Allowable Direct Costs (examples).

  • Personnel directly performing the project: PI/Co-I effort, research staff, students; associated fringe benefits at auditable, institution-standard rates.

  • Project-specific supplies and reagents, animals and per-diems, disposables, cell lines, sequencing/library prep, and core facility recharge rates at published, non-discriminatory user fees.

  • Project-specific equipment (≥ useful life 1+ year) when justified; maintenance if uniquely required for the project.

  • Participant/subject costs and stipends; clinical visit costs billed at standard rates.

  • Necessary compliance pass-throughs tied to the project (e.g., external IRB fees, IACUC per-protocol fees if itemized and project-specific), biosafety approvals, and research-related shipping/customs.

  • Data acquisition/analysis services uniquely required for the project; reasonable publication and open-access fees arising from the Award.

  • Travel essential to executing the project (not general conferences unless tied to project milestones).
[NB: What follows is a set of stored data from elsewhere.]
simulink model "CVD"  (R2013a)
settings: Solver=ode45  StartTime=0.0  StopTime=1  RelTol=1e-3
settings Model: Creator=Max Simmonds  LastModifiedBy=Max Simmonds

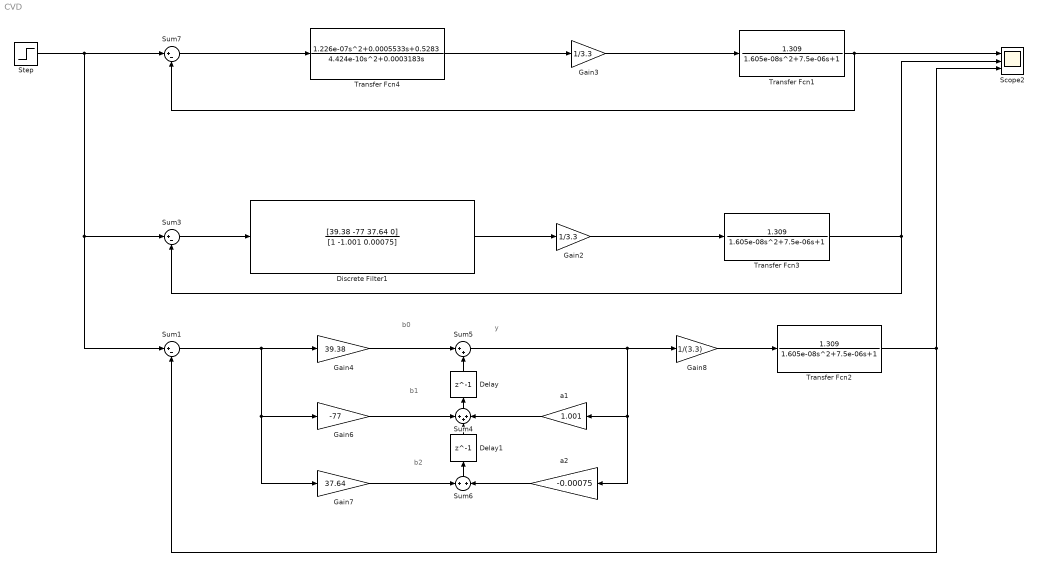
== system CVD ==
  note: y
  note: b2
  note: b1
  note: b0
  Delay : Delay  DelayLength=1  InitialCondition=0  SampleTime=1e-5
  Delay1 : Delay  DelayLength=1  InitialCondition=0  SampleTime=1e-5
  Discrete Filter1 : DiscreteFilter  Numerator=[39.38 -77 37.64 0]  Denominator=[1 -1.001 0.00075]  SampleTime=1e-5
  Gain2 : Gain  Gain=1/3.3
  Gain3 : Gain  Gain=1/3.3
  Gain4 : Gain  Gain=39.38  SampleTime=1e-5
  Gain6 : Gain  Gain=-77  SampleTime=1e-5
  Gain7 : Gain  Gain=37.64  SampleTime=1e-5
  Gain8 : Gain  Gain=1/(3.3)
  Scope2 : Scope  NumInputPorts=3
      settings: TimeRange=0.003173749327595482  YMin=1.79875~-5~-5  YMax=1.80125~5~5  SaveName=ScopeData2
  Step : Step  Time=0.5  After=5  SampleTime=0
  Sum1 : Sum  Inputs=|+-  SampleTime=1e-5
  Sum3 : Sum  Inputs=|+-  SampleTime=1e-5
  Sum4 : Sum  Inputs=+++  SampleTime=1e-5
  Sum5 : Sum  Inputs=|++  SampleTime=1e-5
  Sum6 : Sum  SampleTime=1e-5
  Sum7 : Sum  Inputs=|+-  SampleTime=1e-5
  Transfer Fcn1 : TransferFcn  Numerator=[1.309]  Denominator=[1.605e-08 7.5e-06 1]
  Transfer Fcn2 : TransferFcn  Numerator=[1.309]  Denominator=[1.605e-08 7.5e-06 1]
  Transfer Fcn3 : TransferFcn  Numerator=[1.309]  Denominator=[1.605e-08 7.5e-06 1]
  Transfer Fcn4 : TransferFcn  Numerator=[1.226e-07 0.0005533 0.5283]  Denominator=[ 4.424e-10 0.0003183 0]
  a1 : Gain  Gain=1.001  SampleTime=1e-5
  a2 : Gain  Gain=-0.00075  SampleTime=1e-5
  wires:
  Step/1 -> Sum1/1, Sum3/1, Sum7/1
  Sum3/1 -> Discrete Filter1/1
  Discrete Filter1/1 -> Gain2/1
  Gain2/1 -> Transfer Fcn3/1
  Transfer Fcn3/1 -> Scope2/2, Sum3/2
  a1/1 -> Sum4/3
  Gain6/1 -> Sum4/1
  a2/1 -> Sum6/2
  Gain7/1 -> Sum6/1
  Sum1/1 -> Gain7/1, Gain6/1, Gain4/1
  Sum4/1 -> Delay/1
  Delay1/1 -> Sum4/2
  Sum6/1 -> Delay1/1
  Sum5/1 -> Gain8/1, a2/1, a1/1
  Delay/1 -> Sum5/2
  Gain4/1 -> Sum5/1
  Gain8/1 -> Transfer Fcn2/1
  Transfer Fcn2/1 -> Sum1/2, Scope2/3
  Sum7/1 -> Transfer Fcn4/1
  Transfer Fcn4/1 -> Gain3/1
  Gain3/1 -> Transfer Fcn1/1
  Transfer Fcn1/1 -> Scope2/1, Sum7/2

  • Tuition/fees only if the student is key project personnel, effort is budgeted, and the institution cannot waive; otherwise not allowed.

Unallowable Costs (non-exhaustive).

  • Institutional F&A/IDC, departmental or college taxes; sponsored programs office fees; proposal processing or post-award fees; gift/assessment taxes; network/IT backbone charges; facilities depreciation; building ops; general admin staff not exclusively assigned to the project; patent prosecution unrelated to Kizuna-funded IP; general liability/insurance pools; general office supplies/equipment; memberships; unrelated conferences; entertainment.

Exceptions.

  • Exceptions are rare and require prior written approval by Kizuna’s CFO/CEO before award signature. Any approved exception must be stated as a fixed dollar amount (not a percentage) on a named line item.

Compliance & Audit.

  • Kizuna may request documentation supporting direct charges and may disallow costs that do not meet this policy. Disallowed costs must be removed or refunded within 30 days.

  • Material non-compliance may lead to funding hold or termination.

Effective Date.

  • Effective for all Awards issued on or after October 1st, 2025; applies to amendments and additional funding to prior Awards unless expressly exempted in writing.